Can you give us your reflections on what happened over the last 3 months that have changed your mind? A detailed story like before would be good.


----------



## fields (Jul 11, 2016)

What happened to be your decision to only do GoCatch?


----------



## SydneyUber Chick (Feb 12, 2017)

george manousaridis said:


> Hi know it's just all GoCatch.As a so called/classified RIDESHARE/HIRE CAR driver one can only do one.Either Uber or GoCatch.


This is incorrect. You are able to do both. You can also subcontract your services to other rideshare companies as well


----------



## ng4ever (Feb 16, 2016)

george manousaridis said:


> I choose to ditch Uber.I don't like their system so I choose GoCatch.Not interested in Uber anymore.My choice


I use Lyft exclusively now and said goodbye to Uber long ago. No option to tip as a customer which I hate. I only use Uber if I have to.


----------



## SydneyUber Chick (Feb 12, 2017)

ng4ever said:


> I use Lyft exclusively now and said goodbye to Uber long ago. No option to tip as a customer which I hate. I only use Uber if I have to.


Lyft isnt Available in Australia yet, and it isnt a tipping culture here anyway


george manousaridis said:


> I choose to ditch Uber.I don't like their system so I choose GoCatch.Not interested in Uber anymore.My choice


 I've got no issue with you choosing to ditch Uber. Just correcting your statement that as a rideshare driver one can only do one. You may choose to only do one, but as a rideshare driver, people are free to contract to as many or as few companies as they wish


----------



## SydneyUber Chick (Feb 12, 2017)

george manousaridis said:


> You misunderstood what i was stating.What would u do if u were to receive two jobs at once? Which one?mmmm which platform will j make work?i hope there is two you.Doesnt work,,,!

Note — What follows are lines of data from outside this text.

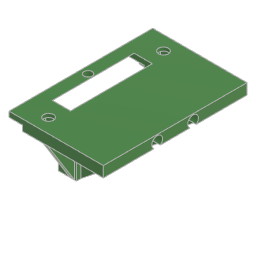
CR6_yaxis_assy (Autodesk Fusion 360 archive; units mm, degrees)
design "plate_bracket"
Autodesk Fusion 360 part; units mm, degrees
note: some values were not read from the file. Chosen so that the rebuilt part matches the saved one: a direction; which face or edge a step refers to. Set by a fixed rule: which sketch regions a step uses.
sketch "Sketch1" plane through (0, 0, 0) normal (1, 0, 0) x (0, 1, 0)
  line L0 (0, 0) -> (50, 0)
  line L1 (50, 0) -> (50, 30)
  line L2 (50, 30) -> (0, 30)
  line L3 (0, 30) -> (0, 0)
  dimension "d1" = 50
  dimension "d2" = 30
  constraint horizontal L0
  constraint vertical L1
  constraint horizontal L2
  constraint vertical L3
  constraint coincident L0.start L3.end
  measures "d1" distance of L0.start L0.end
  measures "d2" distance of L0.start L2.end
extrude "Extrude1" add sketch "Sketch1" along normal blind 10
sketch "Sketch2" plane through (0, 0, 0) normal (-1, 0, 0) x (0, -1, 0)
  line L0 (0, 0) -> (0, 30)
  line L1 (0, 30) -> (-50, 30)
  line L2 (-50, 30) -> (-50, 0)
  line L3 (-50, 0) -> (0, 0)
  line L4 (-25, 30) -> (-25, 0) construction
  line L5 (-47.75, 30) -> (-2.25, 30)
  line L6 (-2.25, 30) -> (-2.25, 2.9)
  line L7 (-2.25, 2.9) -> (-47.75, 2.9)
  line L8 (-47.75, 2.9) -> (-47.75, 30)
  line L9 (-25, 30) -> (-25, 2.9) construction
  line L10 (-15, 6.45) -> (-35, 6.45) construction
  line L11 (-35, 6.45) -> (-35, 26.45) construction
  line L12 (-35, 26.45) -> (-15, 26.45) construction
  line L13 (-15, 26.45) -> (-15, 6.45) construction
  line L14 (-15, 6.45) -> (-35, 26.45) construction
  line L15 (-35, 6.45) -> (-15, 26.45) construction
  point P0 (-25, 16.45)
  dimension "d5" = 27.1
  dimension "d6" = 45.5
  dimension "d7" = 20
  dimension "d8" = 20
  constraint midpoint L1 L4.start
  constraint midpoint L3 L4.end
  constraint horizontal L5
  constraint vertical L6
  constraint horizontal L7
  constraint vertical L8
  constraint coincident L1 L5.start
  constraint midpoint L5 L4.start
  constraint midpoint L7 L9.end
  constraint collinear L4 L9
  constraint horizontal L10
  constraint perpendicular L10 L11
  constraint parallel L10 L12
  constraint parallel L11 L13
  constraint coincident L14 P0
  constraint coincident L15 P0
  constraint midpoint L9 P0
  measures "d5" distance of L5.start L7.end
  measures "d6" distance of L6 L8
  measures "d7" distance of L11.end L12.end
  measures "d8" distance of L10.end L11.end
extrude "Extrude2" cut sketch "Sketch2" against normal blind 4.5 contours L1 L5 L6 L7 L8
hole "Hole1" at (0, 35, 26.45) at (0, 15, 6.45) at (0, 35, 6.45) at (0, 15, 26.45) direction (1, 0, 0) diameter 3.4 end through all
sketch "Sketch3" plane through (0, 0, 30) normal (0, 0, 1) x (-1, 0, 0)
  line L0 (0, -47.75) -> (-4.5, -47.75)
  line L1 (-4.5, -47.75) -> (-4.5, -2.25)
  line L2 (-4.5, -2.25) -> (0, -2.25)
  line L3 (0, -2.25) -> (0, 0)
  line L4 (0, 0) -> (-10, 0)
  line L5 (-10, 0) -> (-10, -50)
  line L6 (-10, -50) -> (0, -50)
  line L7 (0, -50) -> (0, -47.75)
  line L8 (-4.5, -47.75) -> (-4.5, -2.25)
  line L9 (-4.5, -2.25) -> (5.6, -2.25)
  line L10 (5.6, -2.25) -> (5.6, -47.75)
  line L11 (5.6, -47.75) -> (-4.5, -47.75)
  line L12 (-10, -25) -> (49, -25) construction
  line L13 (-10, -65) -> (12.5, -65)
  line L14 (12.5, -65) -> (12.5, 15)
  line L15 (12.5, 15) -> (-10, 15)
  line L16 (-10, 15) -> (-10, -65)
  line L17 (12.5, -25) -> (-10, -25) construction
  dimension "d14" = 10.1
  dimension "d15" = 22.5
  constraint perpendicular L8 L9
  constraint parallel L8 L10
  constraint parallel L9 L11
  constraint coincident L1.end L2.start
  constraint perpendicular L2 L8
  constraint coincident L0.end L1.start
  constraint midpoint L5 L12.start
  constraint perpendicular L5 L12
  constraint horizontal L13
  constraint vertical L14
  constraint horizontal L15
  constraint vertical L16
  constraint midpoint L14 L17.start
  constraint midpoint L16 L12.start
  constraint collinear L12 L17
  measures "d14" distance of L0.end L10.end
  measures "d15" distance of L13.start L13.end
extrude "Extrude3" add sketch "Sketch3" against normal blind 3 contours L3 L4 L6 L7 L9 L10 L11 L13 L14 L15 L16
sketch "Sketch4" plane through (0, 0, 27) normal (0, 0, -1) x (1, 0, 0)
  line L0 (10, -65) -> (10, -50)
  line L1 (10, -50) -> (0, -50)
  line L2 (0, -50) -> (0, -47.75)
  line L3 (0, -47.75) -> (-5.6, -47.75)
  line L4 (-5.6, -47.75) -> (-5.6, -2.25)
  line L5 (-5.6, -2.25) -> (0, -2.25)
  line L6 (0, -2.25) -> (0, 0)
  line L7 (0, 0) -> (10, 0)
  line L8 (10, 0) -> (10, 15)
  line L9 (10, 15) -> (-12.5, 15)
  line L10 (-12.5, 15) -> (-12.5, -65)
  line L11 (-12.5, -65) -> (10, -65)
  line L12 (10, 0) -> (-5, 0)
  line L13 (-5, 0) -> (-5, 15)
  line L14 (-5, 15) -> (10, 15)
  line L15 (10, 15) -> (10, 0)
  line L16 (10, -65) -> (-5, -65)
  line L17 (-5, -65) -> (-5, -50)
  line L18 (-5, -50) -> (10, -50)
  line L19 (10, -50) -> (10, -65)
  dimension "d31" = 15
  constraint horizontal L12
  constraint vertical L13
  constraint horizontal L14
  constraint vertical L15
  constraint coincident L9 L13.end
  constraint coincident L7.end L8.start
  constraint horizontal L16
  constraint vertical L17
  constraint horizontal L18
  constraint vertical L19
  constraint coincident L0.start L11.end
  measures "d31" distance of L13 L15
extrude "Extrude4" add sketch "Sketch4" along normal blind 3 contours L0 L1 L11 L16 L17 L18 L19 | L7 L8 L9 L12 L13 L14 L15
sketch "Sketch5" plane through (0, 0, 24) normal (0, 0, -1) x (1, 0, 0)
  line L0 (10, 15) -> (-5, 15)
  line L1 (-5, 15) -> (-5, 0)
  line L2 (0, 0) -> (10, 0)
  line L3 (10, 0) -> (10, 15)
  line L4 (1.5, 15) -> (1.5, -65) construction
  line L5 (5.425, 9.2661) -> (1.5, 11.5322)
  line L6 (1.5, 11.5322) -> (-2.425, 9.2661)
  line L7 (-2.425, 9.2661) -> (-2.425, 4.7339)
  line L8 (-2.425, 4.7339) -> (1.5, 2.4678)
  line L9 (1.5, 2.4678) -> (5.425, 4.7339)
  line L10 (5.425, 4.7339) -> (5.425, 9.2661)
  line L11 (5.425, -54.7339) -> (1.5, -52.4678)
  line L12 (1.5, -52.4678) -> (-2.425, -54.7339)
  line L13 (-2.425, -54.7339) -> (-2.425, -59.2661)
  line L14 (-2.425, -59.2661) -> (1.5, -61.5322)
  line L15 (1.5, -61.5322) -> (5.425, -59.2661)
  line L16 (5.425, -59.2661) -> (5.425, -54.7339)
  line L17 (-5, 0) -> (0, 0)
  point P0 (1.5, 7)
  point P1 (1.5, -57)
  point P2 (-8.5, -25)
  dimension "d21" = 8.5
  dimension "d22" = 3.925
  dimension "d23" = 3.925
  dimension "d24" = 64
  dimension "d25" = 8
  dimension "d32" = 32
  dimension "d33" = 10
  constraint coincident L0 L4.start
  constraint perpendicular L0 L4
  constraint coincident L4 P0
  constraint vertical L10
  constraint coincident L4 P1
  constraint vertical L16
  measures "d21" distance of L3 L4
  measures "d22" distance of P0 L10
  measures "d23" distance of P1 L16
  measures "d24" distance of P0 P1
  measures "d25" distance of L0 P0
  measures "d32" vertical distance of P0 P2
  measures "d33" horizontal distance of P0 P2
hole "Hole2" at (1.5, -7, 24) at (1.5, 57, 24) direction (0, 0, 1) diameter 5.5 depth 10 tip angle 118
extrude "Extrude5" cut sketch "Sketch5" against normal blind 4 contours L5 L6 L7 L8 L9 L10 | L11 L12 L13 L14 L15 L16
hole "Hole3" at (-8.5, 25, 24) direction (0, 0, 1) diameter 4.5 depth 10 tip angle 118
ref_plane "WorkPlane1" through (7.7125, -7, 26) normal (-1, 0, 0) x (0, -1, 0)
sketch "Sketch6" plane through (7.7125, -7, 26) normal (-1, 0, 0) x (0, 1, 0)
  line L0 (-8, 2) -> (7, 26)
  line L1 (57, 26) -> (72, 2)
rib "Rib1" add thickness 2.5 on both sides direction (0, 0.847998, 0.529999) up to next extending the curves path "Sketch6" along L0
rib "Rib2" add thickness 2.5 on both sides direction (0, -0.847998, 0.529999) up to next extending the curves path "Sketch6" along L1
chamfer "Chamfer1" distance 3 angle 45 1 edges at (-5.6, 25, 27)
chamfer "Chamfer2" distance 2.9 distance2 4.5 1 edges at (0, 25, 2.9) measured on face at (0, 17.4167, 0.9667)
sketch "Sketch7" plane through (10, 0, 0) normal (1, 0, 0) x (0, 1, 0)
  circle A0 centre (35, 6.45) radius 1.7
  circle A1 centre (35, 26.45) radius 1.7
  circle A2 centre (15, 6.45) radius 1.7
  circle A3 centre (15, 26.45) radius 1.7
  line L0 (0, 24) -> (0, 0)
  line L1 (0, 0) -> (50, 0)
  line L2 (50, 0) -> (50, 24)
  line L3 (50, 24) -> (65, 24)
  line L4 (65, 24) -> (65, 30)
  line L5 (65, 30) -> (-15, 30)
  line L6 (-15, 30) -> (-15, 24)
  line L7 (-15, 24) -> (0, 24)
  line L8 (25, 0) -> (25, 30) construction
  line L9 (-15, 30) -> (65, 30)
  line L10 (65, 30) -> (65, 24)
  line L11 (65, 24) -> (-15, 24)
  line L12 (-15, 24) -> (-15, 30)
  circle A4 centre (15, 26.45) radius 3
  circle A5 centre (35, 26.45) radius 3
  dimension "d45" = 6
  dimension "d46" = 6
  constraint midpoint L1 L8.start
  constraint midpoint L5 L8.end
  constraint horizontal L9
  constraint vertical L10
  constraint horizontal L11
  constraint vertical L12
  constraint coincident L5.end L6.start
  constraint collinear L4 L10
  constraint concentric A3 A4
  constraint concentric A1 A5
  measures "d45" diameter of A5
  measures "d46" diameter of A4
extrude "Extrude6" add sketch "Sketch7" along normal blind 30 contours L3 L4 L5 L6 L7 L9 L10 L11 L12 A4 A5
ref_plane "WorkPlane2" through (13.75, 5, 27) normal (0, -1, 0) x (-1, 0, 0)
ref_plane "WorkPlane3" through (13.75, 45, 27) normal (0, 1, 0) x (1, 0, 0)
ref_plane "WorkPlane4" through (13.75, 25, 27) normal (0, 1, 0) x (1, 0, 0)
sketch "Sketch8" plane through (10, 5, 27) normal (0, -1, 0) x (1, 0, 0)
  line L0 (0, -27) -> (30, -3)
sketch "Sketch9" plane through (10, 25, 27) normal (0, 1, 0) x (1, 0, 0)
  line L0 (0, 27) -> (30, 3)
sketch "Sketch10" plane through (10, 45, 27) normal (0, 1, 0) x (1, 0, 0)
  line L0 (0, 27) -> (30, 3)
rib "Rib3" add thickness 5 on both sides direction (-0.624695, 0, 0.780869) up to next extending the curves path "Sketch8" along L0
rib "Rib4" add thickness 5 on both sides direction (-0.624695, 0, 0.780869) up to next extending the curves path "Sketch9" along L0
rib "Rib5" add thickness 5 on both sides direction (-0.624695, 0, 0.780869) up to next extending the curves path "Sketch10" along L0
equation "d22 = ( 7.85 / 2 ) * 1 mm"
equation "d25 = ( ( 80 - 64 ) / 2 ) * 1 mm"

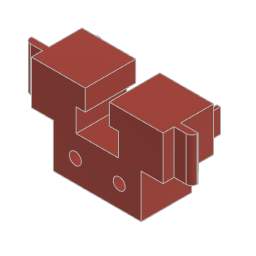
design "adapter"
Autodesk Fusion 360 part; units mm, degrees
sketch "Sketch1" plane through (0, 0, 0) normal (0, 1, 0) x (1, 0, 0)
  line L0 (0, 0) -> (0, -20) construction
  line L1 (0, -20) -> (30, -20)
  line L2 (30, -20) -> (30, 0)
  line L3 (30, 0) -> (20, 0)
  line L4 (20, 0) -> (20, 20)
  line L5 (20, 20) -> (0, 20)
  line L6 (-20, 0) -> (-20, 20)
  line L7 (-30, 0) -> (-20, 0)
  line L8 (-30, -20) -> (-30, 0)
  line L9 (-20, 20) -> (0, 20)
  line L10 (0, -20) -> (-30, -20)
  dimension "d1" = 20
  dimension "d2" = 30
  constraint coincident L0.start origin
  constraint vertical L0
  constraint perpendicular L0 L1
  constraint perpendicular L1 L2
  constraint perpendicular L2 L3
  constraint perpendicular L3 L4
  constraint perpendicular L4 L5
  constraint symmetric L1.start L0 L10.start
  constraint symmetric L0 L1.end L8.start
  constraint symmetric L0 L2.end L7.start
  constraint symmetric L0 L3.end L6.start
  constraint symmetric L0 L4.end L6.end
  constraint symmetric L0 L5.end L9.end
  measures "d1" distance of L0.start L0.end
  measures "d2" distance of L0.end L1.end
extrude "Extrude1" add sketch "Sketch1" along normal blind 15
sketch "Sketch2" plane through (0, 0, 0) normal (0, -1, 0) x (1, 0, 0)
  line L0 (30, 0) -> (30, 20)
  line L1 (30, 20) -> (-30, 20)
  line L2 (-30, 20) -> (-30, 0)
  line L3 (-30, 0) -> (-20, 0)
  line L4 (-20, 0) -> (-20, -20)
  line L5 (-20, -20) -> (20, -20)
  line L6 (20, -20) -> (20, 0)
  line L7 (20, 0) -> (30, 0)
  line L8 (30, 20) -> (38, 20)
  line L9 (38, 20) -> (38, 0)
  line L10 (38, 0) -> (30, 0)
  line L11 (30, 0) -> (30, 20)
  line L12 (-30, 20) -> (-38, 20)
  line L13 (-38, 20) -> (-38, 0)
  line L14 (-38, 0) -> (-30, 0)
  line L15 (-30, 0) -> (-30, 20)
  dimension "d5" = 8
  dimension "d6" = 8
  dimension "d7" = 20
  constraint horizontal L8
  constraint vertical L9
  constraint horizontal L10
  constraint vertical L11
  constraint coincident L0.end L1.start
  constraint horizontal L12
  constraint vertical L13
  constraint horizontal L14
  constraint vertical L15
  constraint coincident L1.end L2.start
  measures "d5" distance of L0.end L8.end
  measures "d6" distance of L1.end L12.end
  measures "d7" distance of L1.end L2.end
extrude "Extrude2" add sketch "Sketch2" along normal blind 3
sketch "Sketch3" plane through (0, -3, 0) normal (0, -1, 0) x (1, 0, 0)
  line L0 (38, 20) -> (-38, 20)
  line L1 (-38, 20) -> (-38, 0)
  line L2 (-38, 0) -> (-20, 0)
  line L3 (-20, 0) -> (-20, -20)
  line L4 (-20, -20) -> (20, -20)
  line L5 (20, -20) -> (20, 0)
  line L6 (20, 0) -> (38, 0)
  line L7 (38, 0) -> (38, 20)
  line L8 (-30, 20) -> (-30, 0)
  line L9 (0, 20) -> (-30, 20)
  line L10 (30, 20) -> (30, 0)
  line L11 (0, 20) -> (30, 20)
  line L12 (30, 0) -> (20, 0)
  line L13 (20, 0) -> (20, -20)
  line L14 (20, -20) -> (0, -20)
  line L15 (-20, -20) -> (0, -20)
  line L16 (-20, 0) -> (-20, -20)
  line L17 (-30, 0) -> (-20, 0)
extrude "Extrude3" add sketch "Sketch3" along normal blind 5 contours L0 L2 L3 L4 L5 L6 L8 L9 L10 L11 L12 L13 L14 L15 L16 L17
fillet "Fillet1" radius 2.5 2 edges at (38, -3, 10) (-38, -3, 10)
sketch "Sketch4" plane through (0, -8, 0) normal (0, -1, 0) x (1, 0, 0)
  line L0 (30, 20) -> (-30, 20)
  line L1 (-30, 20) -> (-30, 0)
  line L2 (-30, 0) -> (-20, 0)
  line L3 (-20, 0) -> (-20, -20)
  line L4 (-20, -20) -> (20, -20)
  line L5 (20, -20) -> (20, 0)
  line L6 (20, 0) -> (30, 0)
  line L7 (30, 0) -> (30, 20)
  line L8 (-20, -10) -> (20, -10) construction
  line L9 (20, 0) -> (20, -20)
  line L10 (-5.5, 20) -> (0, 20)
  line L11 (0, 20) -> (0, 13.9)
  line L12 (0, 13.9) -> (-5.5, 13.9)
  line L13 (-5.5, 13.9) -> (-5.5, 20)
  line L14 (0, 13.9) -> (5.5, 13.9)
  line L15 (5.5, 13.9) -> (5.5, 20)
  line L16 (5.5, 20) -> (0, 20)
  line L17 (14.8575, 20) -> (-15.1425, 20)
  line L18 (-15.1425, 20) -> (-15.1425, 10.5)
  line L19 (-15.1425, 10.5) -> (14.8575, 10.5)
  line L20 (14.8575, 10.5) -> (14.8575, 20)
  line L21 (14.8575, 20) -> (-15.1425, 10.5) construction
  line L22 (-15.1425, 20) -> (14.8575, 10.5) construction
  line L23 (9.65, 0) -> (-9.65, 0)
  line L24 (-9.65, 0) -> (-9.65, 10.5)
  line L25 (-9.65, 10.5) -> (9.65, 10.5)
  line L26 (9.65, 10.5) -> (9.65, 0)
  line L27 (9.65, 0) -> (-9.65, 10.5) construction
  line L28 (-9.65, 0) -> (9.65, 10.5) construction
  line L29 (5.5, 13.9) -> (14.8575, 13.9)
  line L30 (-15.1425, 13.9) -> (-5.5, 13.9)
  line L31 (-5.5, 13.9) -> (-5.5, 10.5)
  line L32 (5.5, 13.9) -> (5.5, 10.5)
  point P0 (-10, -10)
  point P1 (10, -10)
  point P2 (-0.1425, 15.25)
  point P3 (0, 5.25)
  dimension "d14" = 10
  dimension "d15" = 10
  dimension "d19" = 5.5
  dimension "d20" = 6.1
  dimension "d21" = 24.5
  dimension "d37" = 30
  dimension "d38" = 9.5
  dimension "d39" = 19.3
  dimension "d40" = 10.5
  constraint midpoint L3 L8.start
  constraint midpoint L5 L8.end
  constraint coincident L8 P0
  constraint coincident L8 P1
  constraint horizontal L10
  constraint vertical L11
  constraint horizontal L12
  constraint vertical L13
  constraint coincident L0 L10.start
  constraint symmetric L10.start L11 L15.end
  constraint symmetric L10.end L11 L16.end
  constraint symmetric L12.start L11 L14.start
  constraint symmetric L12.end L11 L14.end
  constraint horizontal L17
  constraint perpendicular L17 L18
  constraint parallel L17 L19
  constraint parallel L18 L20
  constraint coincident L21 P2
  constraint coincident L22 P2
  constraint collinear L0 L17
  constraint horizontal L23
  constraint perpendicular L23 L24
  constraint parallel L23 L25
  constraint parallel L24 L26
  constraint coincident L27 P3
  constraint coincident L28 P3
  constraint collinear L19 L25
  constraint coincident L20 L29.end
  constraint perpendicular L20 L29
  constraint coincident L18 L30.start
  constraint perpendicular L13 L30
  constraint coincident L25 L31.end
  constraint coincident L19 L32.end
  constraint vertical L32
  constraint vertical L31
  measures "d14" distance of L8.start P0
  measures "d15" distance of P1 L9
  measures "d19" distance of L11.end L12.end
  measures "d20" distance of L10.start L12.end
  measures "d21" distance of L0.end L13
  measures "d37" distance of L18.end L19.end
  measures "d38" distance of L17.end L18.end
  measures "d39" distance of L24.end L25.end
  measures "d40" distance of L23.end L24.end
hole "Hole1" at (10, -8, -10) at (-10, -8, -10) direction (0, 1, 0) diameter 5.5 end through all
extrude "Extrude4" cut sketch "Sketch4" against normal through all contours L0 L11 L14 L15 L16 L17 | L0 L10 L11 L12 L13 L17 | L12 L14 L19 L25 L31 L32 | L19 L23 L24 L25 L26
sketch "Sketch5" plane through (0, 15, 0) normal (0, 1, 0) x (-1, 0, 0)
  line L0 (-5.5, 20) -> (-30, 20)
  line L1 (-30, 20) -> (-30, 0)
  line L2 (-30, 0) -> (-20, 0)
  line L3 (-20, 0) -> (-20, -20)
  line L4 (-20, -20) -> (20, -20)
  line L5 (20, -20) -> (20, 0)
  line L6 (20, 0) -> (30, 0)
  line L7 (30, 0) -> (30, 20)
  line L8 (30, 20) -> (5.5, 20)
  circle A0 centre (-10, -10) radius 2.75
  circle A1 centre (10, -10) radius 2.75
  line L9 (0, 13.9) -> (0, -20) construction
  line L10 (-20, -10) -> (20, -10) construction
  line L11 (-16.55, -15.425) -> (-18.15, -15.425)
  line L12 (-18.15, -15.425) -> (-18.15, -4.575)
  line L13 (-18.15, -4.575) -> (-16.55, -4.575)
  line L14 (-16.55, -4.575) -> (-16.55, -15.425)
  line L15 (-16.55, -15.425) -> (-18.15, -4.575) construction
  line L16 (-18.15, -15.425) -> (-16.55, -4.575) construction
  line L17 (-13.95, -12.825) -> (-16.55, -12.825)
  line L18 (-16.55, -12.825) -> (-16.55, -7.175)
  line L19 (-16.55, -7.175) -> (-13.95, -7.175)
  line L20 (-13.95, -7.175) -> (-13.95, -12.825)
  line L21 (-13.95, -12.825) -> (-16.55, -7.175) construction
  line L22 (-16.55, -12.825) -> (-13.95, -7.175) construction
  line L23 (-16.55, -4.575) -> (-13.95, -7.175)
  line L24 (-13.95, -12.825) -> (-16.55, -15.425)
  line L25 (18.15, -4.575) -> (16.55, -4.575)
  line L26 (16.55, -4.575) -> (13.95, -7.175)
  line L27 (13.95, -7.175) -> (13.95, -12.825)
  line L28 (13.95, -12.825) -> (16.55, -15.425)
  line L29 (16.55, -15.425) -> (18.15, -15.425)
  line L30 (18.15, -15.425) -> (18.15, -4.575)
  line L31 (-30, 10) -> (30, 10) construction
  line L32 (-26.55, 4.575) -> (-28.15, 4.575)
  line L33 (-28.15, 4.575) -> (-28.15, 15.425)
  line L34 (-28.15, 15.425) -> (-26.55, 15.425)
  line L35 (-26.55, 15.425) -> (-26.55, 4.575)
  line L36 (-26.55, 4.575) -> (-28.15, 15.425) construction
  line L37 (-28.15, 4.575) -> (-26.55, 15.425) construction
  line L38 (-23.95, 7.175) -> (-26.55, 7.175)
  line L39 (-26.55, 7.175) -> (-26.55, 12.825)
  line L40 (-26.55, 12.825) -> (-23.95, 12.825)
  line L41 (-23.95, 12.825) -> (-23.95, 7.175)
  line L42 (-23.95, 7.175) -> (-26.55, 12.825) construction
  line L43 (-26.55, 7.175) -> (-23.95, 12.825) construction
  line L44 (-23.95, 12.825) -> (-26.55, 15.425)
  line L45 (-23.95, 7.175) -> (-26.55, 4.575)
  line L46 (23.95, 7.175) -> (26.55, 4.575)
  line L47 (23.95, 12.825) -> (23.95, 7.175)
  line L48 (23.95, 12.825) -> (26.55, 15.425)
  line L49 (28.15, 15.425) -> (26.55, 15.425)
  line L50 (28.15, 4.575) -> (28.15, 15.425)
  line L51 (26.55, 4.575) -> (28.15, 4.575)
  line L52 (5.5, 10.5) -> (9.65, 10.5)
  line L53 (9.65, 10.5) -> (9.65, 0)
  line L54 (9.65, 0) -> (-9.65, 0)
  line L55 (-9.65, 0) -> (-9.65, 10.5)
  line L56 (-9.65, 10.5) -> (-5.5, 10.5)
  line L57 (-5.5, 10.5) -> (-5.5, 20)
  line L58 (5.5, 20) -> (5.5, 10.5)
  point P0 (-17.35, -10)
  point P1 (-15.25, -10)
  point P2 (-27.35, 10)
  point P3 (-25.25, 10)
  dimension "d24" = 1.6
  dimension "d25" = 10.85
  dimension "d26" = 1.85
  dimension "d28" = 5.65
  dimension "d31" = 45
  dimension "d32" = 1.6
  dimension "d33" = 10.85
  dimension "d34" = 5.65
  dimension "d35" = 45
  dimension "d36" = 1.85
  constraint midpoint L4 L9.end
  constraint midpoint L3 L10.start
  constraint midpoint L5 L10.end
  constraint horizontal L11
  constraint perpendicular L11 L12
  constraint parallel L11 L13
  constraint parallel L12 L14
  constraint coincident L15 P0
  constraint coincident L16 P0
  constraint coincident L10 P0
  constraint horizontal L17
  constraint perpendicular L17 L18
  constraint parallel L17 L19
  constraint parallel L18 L20
  constraint coincident L21 P1
  constraint coincident L22 P1
  constraint coincident L10 P1
  constraint collinear L14 L18
  constraint symmetric L9 L11.start L28.end
  constraint symmetric L9 L11.end L29.end
  constraint symmetric L9 L12.end L25.start
  constraint symmetric L9 L13.end L25.end
  constraint symmetric L9 L17.start L27.end
  constraint symmetric L9 L19.end L26.end
  constraint midpoint L1 L31.start
  constraint midpoint L7 L31.end
  constraint horizontal L32
  constraint perpendicular L32 L33
  constraint parallel L32 L34
  constraint parallel L33 L35
  constraint coincident L36 P2
  constraint coincident L37 P2
  constraint coincident L31 P2
  constraint horizontal L38
  constraint perpendicular L38 L39
  constraint parallel L38 L40
  constraint parallel L39 L41
  constraint coincident L42 P3
  constraint coincident L43 P3
  constraint coincident L31 P3
  constraint collinear L35 L39
  constraint symmetric L9 L32.start L46.end
  constraint symmetric L9 L32.end L50.start
  constraint symmetric L9 L33.end L49.start
  constraint symmetric L9 L34.end L48.end
  constraint symmetric L9 L38.start L46.start
  constraint symmetric L9 L40.end L47.start
  measures "d24" distance of L12.end L13.end
  measures "d25" distance of L11.end L12.end
  measures "d26" distance of L3 L12
  measures "d28" distance of L17.end L18.end
  measures "d31" angle of L14 L23
  measures "d32" distance of L33.end L34.end
  measures "d33" distance of L32.end L33.end
  measures "d34" distance of L38.end L39.end
  measures "d35" angle of L35 L44
  measures "d36" distance of L1 L33
extrude "Extrude5" add sketch "Sketch5" along normal blind 5 contours L11 L12 L13 L14 L18 | L14 L17 L24 | L14 L17 L18 L19 L20 | L14 L19 L23 | L25 L26 L27 L28 L29 L30 | L32 L33 L34 L35 L39 | L35 L38 L45 | L35 L38 L39 L40 L41 | L35 L40 L44 | L46 L47 L48 L49 L50 L51

Well I run 3 apps simultaneously and not once have 2 requests come through at exactly the same time. Smart people accept a job when it comes in and then turn themselves offline on the other or leave the other on and ignore requests until they are closer to the drop off point. If more than one request did come in at exactly the same time I'd make a decision based on a number of factors including distance to pick up, and which platform had the highest rates at that point in time and then accept one and ignore the others. It's not exactly rocket science. It does work, quite easily and only one person with half a brain required to make it work. Most of the time you can just leave GoCatch running in the background even when you have picked someone up for Uber as the likelihood of getting any requests is pretty low and when you do get one they are further away that an Uber pick up so will sometimes work as a stacked ping.


----------



## SydneyUber Chick (Feb 12, 2017)

george manousaridis said:


> Yea you can do that with no issues.Hope it does work for you but im different i choose GoCatch and solely work for them.Evry ping they send me know I will jump on.No issues with anyone working for multiple platforms.I made my decision and evrything is quite good.There will come a point in time when this type of things will be trageted and it will be a conflict of interest and where as companies will crackdown on drivers for multiples platforms.Has happened yet but its coming.At the moment its free as you decide.Cheers and thank you for your response and valid points.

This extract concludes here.